*** Opening of Data extract ***

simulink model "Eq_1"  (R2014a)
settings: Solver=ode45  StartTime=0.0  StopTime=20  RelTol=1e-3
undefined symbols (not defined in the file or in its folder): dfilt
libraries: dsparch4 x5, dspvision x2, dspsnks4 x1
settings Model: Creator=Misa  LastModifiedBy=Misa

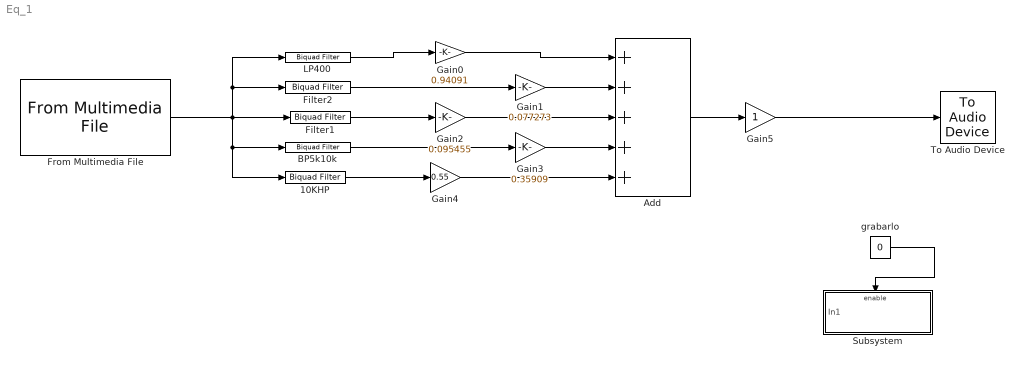
== system Eq_1 ==
  10KHP : dsparch4/Biquad Filter  Tag=BlockMethodSubSystem  IIRFiltStruct=Direct form II  CoeffSource=Specify via dialog  BiQuadCoeffs=[1 -2 1 1 -0.435559960227692333 0.682874457925469414;1 -2 1 1 -0.336863684852461154 0.301541332551575114;1 -2 1 1 -0.287076251600125121 0.109177462139277051;1 -2 1 1 -0.265814507780955722 0.0270283922717663959]  a0Flag=Warning  IC=0  ICnum=0  ICden=0  InputProcessing=Columns as channels (frame based)  denAccumFracLength=30  denProdOutputFracLength=30  secondMemoryFracLength=15  roundingMode=Floor  overflowMode=off  ScaleValues=[0.529608604538290506;0.409601254351009081;0.349063428434850553;0.323210725013180544;1]  optimizeScaleValues=on  ScaleValueMode=Specify via input port (g)  scaleValueFracLength=14  FilterSource=Specify via dialog  dfiltObjectName=dfilt.df2tsos([1 0.3 0.4],[1 0.1 0.2])
  Add : Sum  Inputs=+++++
  BP5k10k : dsparch4/Biquad Filter  Tag=BlockMethodSubSystem  IIRFiltStruct=Direct form II  CoeffSource=Specify via dialog  BiQuadCoeffs=[1 0 -1 1 -0.511936060109229096 0.976812733722258741;1 0 -1 1 -1.5749417552576479 0.98532114132335924;1 0 -1 1 -1.55120780296343908 0.956591366841473167;1 0 -1 1 -0.5026942036248776 0.932090235078945284;1 0 -1 1 -0.496206083464974634 0.889564263737497196;1 0 -1 1 -1.52719342803245395 0.928655042129086672;1 0 -1 1 -1.50288428756205406 0.901464029452747728;1 0 -1 1 -0.492327906370097379 0.849219797568050661;1 0 -1 1 -1.47826174218308015 0.874975513981652409;1 0 -1 1 -0.490928978268946159 0.811036332045524389;1 0 -1 1 -1.45330358333625353 0.849152306076616625;1 0 -1 1 -0.491891608264251601 0.774990857026918945;1 0 -1 1 -1.42798470855204052 0.823963188122787571;1 0 -1 1 -0.495110695998242645 0.741060291658979464;1 0 -1 1 -1.40227778727378527 0.799383332368227784;1 0 -1 1 -0.500493064212129246 0.70922346320206564;1 0 -1 1 -1.37615396097244957 0.775394812461079219;1 0 -1 1 -0.507956573002034784 0.679462697186595799;1 0 -1 1 -1.34958362384959907 0.7519872274617736;1 0 -1 1 -0.517429030514883981 0.651765066895615197;1 0 -1 1 -1.32253733382701011 0.72915845201805296;1 0 -1 1 -0.528846896304387082 0.626123329774780357;1 0 -1 1 -1.29498690690488116 0.706915518856455316;1 0 -1 1 -0.542153758407436959 0.602536556936418166;1 0 -1 1 -1.26690674987356156 0.685275628197983599;1 0 -1 1 -0.557298554215037045 0.581010439505093901;1 0 -1 1 -1.23827548448857305 0.664267261325699687;1 0 -1 1 -0.574233500145569953 0.561557232705398368;1 0 -1 1 -1.20907790720441133 0.643931350446522721;1 0 -1 1 -0.592911698886189553 0.544195276865696909;1 0 -1 1 -1.17930730791784777 0.624322422786211417;1 0 -1 1 -0.613284409671686737 0.528948017042816243;1 0 -1 1 -1.14896813361933203 0.605509593538764546;1 0 -1 1 -0.635298001700298487 0.515842435093875618;1 0 -1 1 -1.11807892346795779 0.587577232772038549;1 0 -1 1 -0.658890668031314686 0.504906817560012877;1 0 -1 1 -1.08667535838030926 0.570625083388540011;1 0 -1 1 -0.683989059197508409 0.496167819434113699;1 0 -1 1 -1.05481316500134237 0.5547675749297305;1 0 -1 1 -0.710505097907362604 0.489646857192791884;1 0 -1 1 -1.02257050610441946 0.540132082055159723;1 0 -1 1 -0.738333343299314659 0.485355978860020243;1 0 -1 1 -0.990049406305708146 0.526855940429187597;1 0 -1 1 -0.767349355898213625 0.483293507046987036;1 0 -1 1 -0.957375744728905631 0.515082173873032012;1 0 -1 1 -0.797409531394399407 0.483439907073740183;1 0 -1 1 -0.924697436908860082 0.504954102663914828;1 0 -1 1 -0.828352780577823244 0.485754450371230106;1 0 -1 1 -0.892180648569675938 0.49660925926267574;1 0 -1 1 -0.860004212382262767 0.490173266415208975]  a0Flag=Warning  IC=0  ICnum=0  ICden=0  InputProcessing=Columns as channels (frame based)  denAccumFracLength=30  denProdOutputFracLength=30  secondMemoryFracLength=15  roundingMode=Floor  overflowMode=off  ScaleValues=[0.318409620604874377;0.318409620604874377;0.312609545517313181;0.312609545517313181;0.307147001457118485;0.307147001457118485;0.302011246073271178;0.302011246073271178;0.29719133618218585;0.29719133618218585;0.292676349944423264;0.292676349944423264;0.288455556702515381;0.288455556702515381;0.284518544849641064;0.284518544849641064;0.280855316314686354;0.280855316314686354;0.277456354711022701;0.277456354711022701;0.274312672892673248;0.274312672892673248;0.271415844571001152;0.271415844571001152;0.268758023742088736;0.268758023742088736;0.266331954933413495;0.266331954933413495;0.264130976673456697;0.264130976673456697;0.262149020097042551;0.262149020097042551;0.260380604202797961;0.260380604202797961;0.258820828960209026;0.258820828960209026;0.257465367207995455;0.257465367207995455;0.2563104560809355;0.2563104560809355;0.255352888538870559;0.255352888538870559;0.254590005441150902;0.254590005441150902;0.254019688505433716;0.254019688505433716;0.253640354405854029;0.253640354405854029;0.253450950197460445;0.253450950197460445;1]  optimizeScaleValues=on  ScaleValueMode=Specify via input port (g)  scaleValueFracLength=14  FilterSource=Specify via dialog  dfiltObjectName=dfilt.df2tsos([1 0.3 0.4],[1 0.1 0.2])
  Filter1 : dsparch4/Biquad Filter  Tag=BlockMethodSubSystem  IIRFiltStruct=Direct form II  CoeffSource=Specify via dialog  BiQuadCoeffs=[1 0 -1 1 -1.49298544457669613 0.972536600913176619;1 0 -1 1 -1.97375600080993996 0.993967196611222681;1 0 -1 1 -1.45434811513615525 0.91992215302516156;1 0 -1 1 -1.96184279045341059 0.981990541850511933;1 0 -1 1 -1.41911007136003064 0.870355402822089896;1 0 -1 1 -1.94995566918991003 0.970098550984774155;1 0 -1 1 -1.38714659148742636 0.823781823951208914;1 0 -1 1 -1.93805449177893774 0.958251256010940966;1 0 -1 1 -1.35833576516020438 0.780137916222685357;1 0 -1 1 -1.92609852985326024 0.946408948977047637;1 0 -1 1 -1.33256154535689264 0.739355628990374436;1 0 -1 1 -1.91404574389860604 0.934531500155876826;1 0 -1 1 -1.3097162226504544 0.701366035921648701;1 0 -1 1 -1.90185198328248095 0.922577639450826381;1 0 -1 1 -1.28970250064079539 0.666102437361354771;1 0 -1 1 -1.88947007254741828 0.910504166064626363;1 0 -1 1 -1.27243533948969301 0.633503055805215709;1 0 -1 1 -1.87684873043618161 0.898265043581852884;1 0 -1 1 -1.86393124983616087 0.885810324816448391;1 0 -1 1 -1.257843732058602 0.603513485803715;1 0 -1 1 -1.85065383861322852 0.8730848306789043;1 0 -1 1 -1.24587258765892894 0.576089065158300606;1 0 -1 1 -1.83694347738664909 0.860026475874825724;1 0 -1 1 -1.23648492746493122 0.551197354350352553;1 0 -1 1 -1.82271508070995703 0.846564084478204637;1 0 -1 1 -1.22966465290023219 0.528820953727261345;1 0 -1 1 -1.8078676351395444 0.832614457983713696;1 0 -1 1 -1.22542025119886655 0.508960967165100642;1 0 -1 1 -1.79227879867224105 0.81807832481258369;1 0 -1 1 -1.22378998315903997 0.491641562843065538;1 0 -1 1 -1.77579711858101463 0.802834570778408141;1 0 -1 1 -1.22484941898211241 0.476916336802188867;1 0 -1 1 -1.75823043384986621 0.786731740493668341;1 0 -1 1 -1.22872277367223726 0.464877654925497041;1 0 -1 1 -1.73932791135376363 0.769575035828907961;1 0 -1 1 -1.23560060637514946 0.455671050426820101;1 0 -1 1 -1.71875093669712986 0.751105539894514784;1 0 -1 1 -1.24576867300432736 0.449518575540772625;1 0 -1 1 -1.69602335791846537 0.730965293920004311;1 0 -1 1 -1.25965744166257498 0.44675892609350043;1 0 -1 1 -1.67044089099015647 0.708635073665359383;1 0 -1 1 -1.27793246767386881 0.447921223551549119;1 0 -1 1 -1.64089382056394095 0.683316374884235245;1 0 -1 1 -1.30167149900252088 0.453871915193899855;1 0 -1 1 -1.60549565687988194 0.653697459997890973;1 0 -1 1 -1.33273565421145501 0.466132696577705508;1 0 -1 1 -1.56082757662151606 0.617543327540308828;1 0 -1 1 -1.3745248473673557 0.487583520094362788;1 0 -1 1 -1.50169156008034421 0.572103291046450191;1 0 -1 1 -1.43222454905332985 0.523165952149703961]  a0Flag=Warning  IC=0  ICnum=0  ICden=0  InputProcessing=Columns as channels (frame based)  denAccumFracLength=30  denProdOutputFracLength=30  secondMemoryFracLength=15  roundingMode=Floor  overflowMode=off  ScaleValues=[0.278758877019711249;0.278758877019711249;0.274235010892847242;0.274235010892847242;0.269949416623545435;0.269949416623545435;0.265898272850538464;0.265898272850538464;0.262077096217103789;0.262077096217103789;0.258480952180539514;0.258480952180539514;0.255104627583005894;0.255104627583005894;0.251942770859943821;0.251942770859943821;0.248990005094146261;0.248990005094146261;0.246241018460196665;0.246241018460196665;0.243690635976798381;0.243690635976798381;0.241333875910699935;0.241333875910699935;0.239165993663095183;0.239165993663095183;0.237182515518972181;0.237182515518972181;0.235379264249513637;0.235379264249513637;0.233752378222758433;0.233752378222758433;0.232298325392703398;0.232298325392703398;0.231013913295886053;0.231013913295886053;0.229896295981367682;0.229896295981367682;0.22894297862939092;0.22894297862939092;0.228151820470753719;0.228151820470753719;0.227521036498562951;0.227521036498562951;0.227049198362456434;0.227049198362456434;0.226735234749033565;0.226735234749033565;0.226578431477934134;0.226578431477934134;1]  optimizeScaleValues=on  ScaleValueMode=Specify via input port (g)  scaleValueFracLength=14  FilterSource=Specify via dialog  dfiltObjectName=dfilt.df2tsos([1 0.3 0.4],[1 0.1 0.2])
  Filter2 : dsparch4/Biquad Filter  Tag=BlockMethodSubSystem  IIRFiltStruct=Direct form II  CoeffSource=Specify via dialog  BiQuadCoeffs=[1 0 -1 1 -1.97596012833583279 0.996179518646341688;1 0 -1 1 -1.99521952400752611 0.99846517290300385;1 0 -1 1 -1.96851859175579458 0.988605912279289512;1 0 -1 1 -1.99214992198348506 0.995399560857654575;1 0 -1 1 -1.96125803930711751 0.981160151075751497;1 0 -1 1 -1.98907166931553103 0.992334325463347544;1 0 -1 1 -1.95422106977926946 0.973886471810042287;1 0 -1 1 -1.98597866945393919 0.989263518702049982;1 0 -1 1 -1.94744837829074435 0.966827443288640342;1 0 -1 1 -1.98286480675969434 0.986181276643283811;1 0 -1 1 -1.94097871703255276 0.960023914274292345;1 0 -1 1 -1.97972395807416657 0.983081835728266129;1 0 -1 1 -1.93484886261720535 0.953514970993309396;1 0 -1 1 -1.97655001571599565 0.979959562422103359;1 0 -1 1 -1.92909358234205852 0.947337896828783887;1 0 -1 1 -1.97333692733050303 0.976809001648254238;1 0 -1 1 -1.92374559023320169 0.941528125333639165;1 0 -1 1 -1.97007875947474664 0.973624950844582338;1 0 -1 1 -1.91883548183865438 0.936119175780525392;1 0 -1 1 -1.96676979377256256 0.970402568314236436;1 0 -1 1 -1.9143916343797609 0.931142558004078413;1 0 -1 1 -1.96340466691835136 0.967137526832149819;1 0 -1 1 -1.91044005607788758 0.926627630350701614;1 0 -1 1 -1.95997856870902565 0.963826226068218328;1 0 -1 1 -1.90700416542813267 0.922601391201267829;1 0 -1 1 -1.95648751545446853 0.960466080136111344;1 0 -1 1 -1.90410447830915297 0.919088181169101071;1 0 -1 1 -1.95292871913744159 0.957055898955894824;1 0 -1 1 -1.90175817912606515 0.916109270630745209;1 0 -1 1 -1.94930107453028612 0.953596383059907016;1 0 -1 1 -1.94560578572206833 0.950090749581463556;1 0 -1 1 -1.89997855308400165 0.913682307011692396;1 0 -1 1 -1.94184714729627905 0.946545499549337643;1 0 -1 1 -1.89877426304988406 0.911820601091401395;1 0 -1 1 -1.93803348047229917 0.942971320297574023;1 0 -1 1 -1.89814846952970728 0.910532244717123462;1 0 -1 1 -1.93417819657065215 0.939384087834612136;1 0 -1 1 -1.89809782037954733 0.909819078328251596;1 0 -1 1 -1.93030091600834464 0.935805889972775251;1 0 -1 1 -1.89861138115352301 0.909675569333436407;1 0 -1 1 -1.9264285118880915 0.932265934195341317;1 0 -1 1 -1.89966963625802165 0.91008772143071337;1 0 -1 1 -1.92259588239113133 0.928801144878157237;1 0 -1 1 -1.90124375605247531 0.911032202623118792;1 0 -1 1 -1.91884620803054484 0.925456215497890478;1 0 -1 1 -1.90329537329813192 0.912475934793618659;1 0 -1 1 -1.91523045088558952 0.922282894079524906;1 0 -1 1 -1.90577711139492223 0.914376398077903385;1 0 -1 1 -1.91180593584687464 0.91933837367792437;1 0 -1 1 -1.90863402403330928 0.916682834119376344]  a0Flag=Warning  IC=0  ICnum=0  ICden=0  InputProcessing=Columns as channels (frame based)  denAccumFracLength=30  denProdOutputFracLength=30  secondMemoryFracLength=15  roundingMode=Floor  overflowMode=off  ScaleValues=[0.0426725602520760042;0.0426725602520760042;0.0425591023286577275;0.0425591023286577275;0.0424472087389355449;0.0424472087389355449;0.0423372884878717506;0.0423372884878717506;0.0422297336523212302;0.0422297336523212302;0.0421249186567085529;0.0421249186567085529;0.0420231997148002578;0.0420231997148002578;0.0419249144219856346;0.0419249144219856346;0.0418303814820186678;0.0418303814820186678;0.0417399005520427413;0.0417399005520427413;0.0416537521898713708;0.0416537521898713708;0.0415721978878865472;0.0415721978878865472;0.0414954801784973223;0.0414954801784973223;0.0414238227968344447;0.0414238227968344447;0.0413574308872055874;0.0413574308872055874;0.0412964912407680282;0.0412964912407680282;0.0412411725528634698;0.0412411725528634698;0.0411916256894802324;0.0411916256894802324;0.0411479839533424943;0.0411479839533424943;0.0411103633411602012;0.0411103633411602012;0.0410788627845955212;0.0410788627845955212;0.0410535643685060389;0.0410535643685060389;0.0410345335210057505;0.0410345335210057505;0.0410218191708421193;0.0410218191708421193;0.041015453868520603;0.041015453868520603;1]  optimizeScaleValues=on  ScaleValueMode=Specify via input port (g)  scaleValueFracLength=14  FilterSource=Specify via dialog  dfiltObjectName=dfilt.df2tsos([1 0.3 0.4],[1 0.1 0.2])
  From Multimedia File : dspvision/From Multimedia File  inputFilename=/Volumes/DANIEL N/DSP 2016/Calvin Harris - Feel so Close (Original Mix).mp3  loop=on  numPlays=inf  outputStreams=Audio only  videoDataType=single  audioDataType=double  inheritSampleTime=on  userDefinedSampleTime=1/30  noAudioOutput=off  isIntensityVideo=off  fourcc=RGB  colorVideoFormat=Separate color signals  outputEOF=off  dataOrg=Column-major  audioFrameSize=1024  computeAudioFrameSize=off  outSamplingMode=Frame based
  Gain0 : Gain  Gain=0.94091
  Gain1 : Gain  Gain=0.077273
  Gain2 : Gain  Gain=0.095455
  Gain3 : Gain  Gain=0.35909
  Gain4 : Gain  Gain=0.55
  Gain5 : Gain
  LP400 : dsparch4/Biquad Filter  Tag=BlockMethodSubSystem  IIRFiltStruct=Direct form II  CoeffSource=Specify via dialog  BiQuadCoeffs=[1 2 1 1 -1.95804317832839403 0.960730291047929508;1 2 1 1 -1.905141444097604 0.907755957333884922]  a0Flag=Warning  IC=0  ICnum=0  ICden=0  InputProcessing=Columns as channels (frame based)  denAccumFracLength=30  denProdOutputFracLength=30  secondMemoryFracLength=15  roundingMode=Floor  overflowMode=off  ScaleValues=[0.000671778179883860131;0.000653628309070184116;1]  optimizeScaleValues=on  ScaleValueMode=Specify via input port (g)  scaleValueFracLength=14  FilterSource=Specify via dialog  dfiltObjectName=dfilt.df2tsos([1 0.3 0.4],[1 0.1 0.2])
  Subsystem : Subsystem
  To Audio Device : dspsnks4/To Audio Device  deviceName=Default  inheritSampleRate=on  sampleRate=44100  deviceDatatype=Determine from input data type  autoBufferSize=on  bufferSize=4096  queueDuration=1  defaultOutputChannelMapping=on  outputChannelMapping=1:2
  grabarlo : Constant  Value=0
  wires:
  LP400/1 -> Gain0/1
  10KHP/1 -> Gain4/1
  Add/1 -> Gain5/1
  BP5k10k/1 -> Gain3/1
  Gain0/1 -> Add/1
  Gain2/1 -> Add/3
  Gain3/1 -> Add/4
  Gain4/1 -> Add/5
  Filter1/1 -> Gain2/1
  From Multimedia File/1 -> LP400/1, Filter2/1, 10KHP/1, BP5k10k/1, Filter1/1
  Filter2/1 -> Gain1/1
  Gain1/1 -> Add/2
  grabarlo/1 -> Subsystem/Enable
  Gain5/1 -> To Audio Device/1

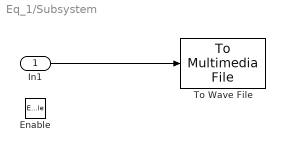
== system Eq_1/Subsystem ==
  In1 : Inport
  Enable : EnablePort
  To Wave File : dspvision/To Multimedia File  outputFilename=/Users/Misa/Desktop/DSP/songecu.wav  streamSelection=Audio only  videoCompressor=None (uncompressed)  audioCompressor=None (uncompressed)  imagePorts=Separate color signals  fileType=WAV  audioDatatype=Determine from input data type  fourcc=RGB  videoQuality=75  mj2000CompFactor=10
  wires:
  In1/1 -> To Wave File/1

*** Close of Data extract ***

Problem to solve: Show every line from the entries that includes the word "Misa".

Output for this task:
settings Model: Creator=Misa  LastModifiedBy=Misa
  To Wave File : dspvision/To Multimedia File  outputFilename=/Users/Misa/Desktop/DSP/songecu.wav  streamSelection=Audio only  videoCompressor=None (uncompressed)  audioCompressor=None (uncompressed)  imagePorts=Separate color signals  fileType=WAV  audioDatatype=Determine from input data type  fourcc=RGB  videoQuality=75  mj2000CompFactor=10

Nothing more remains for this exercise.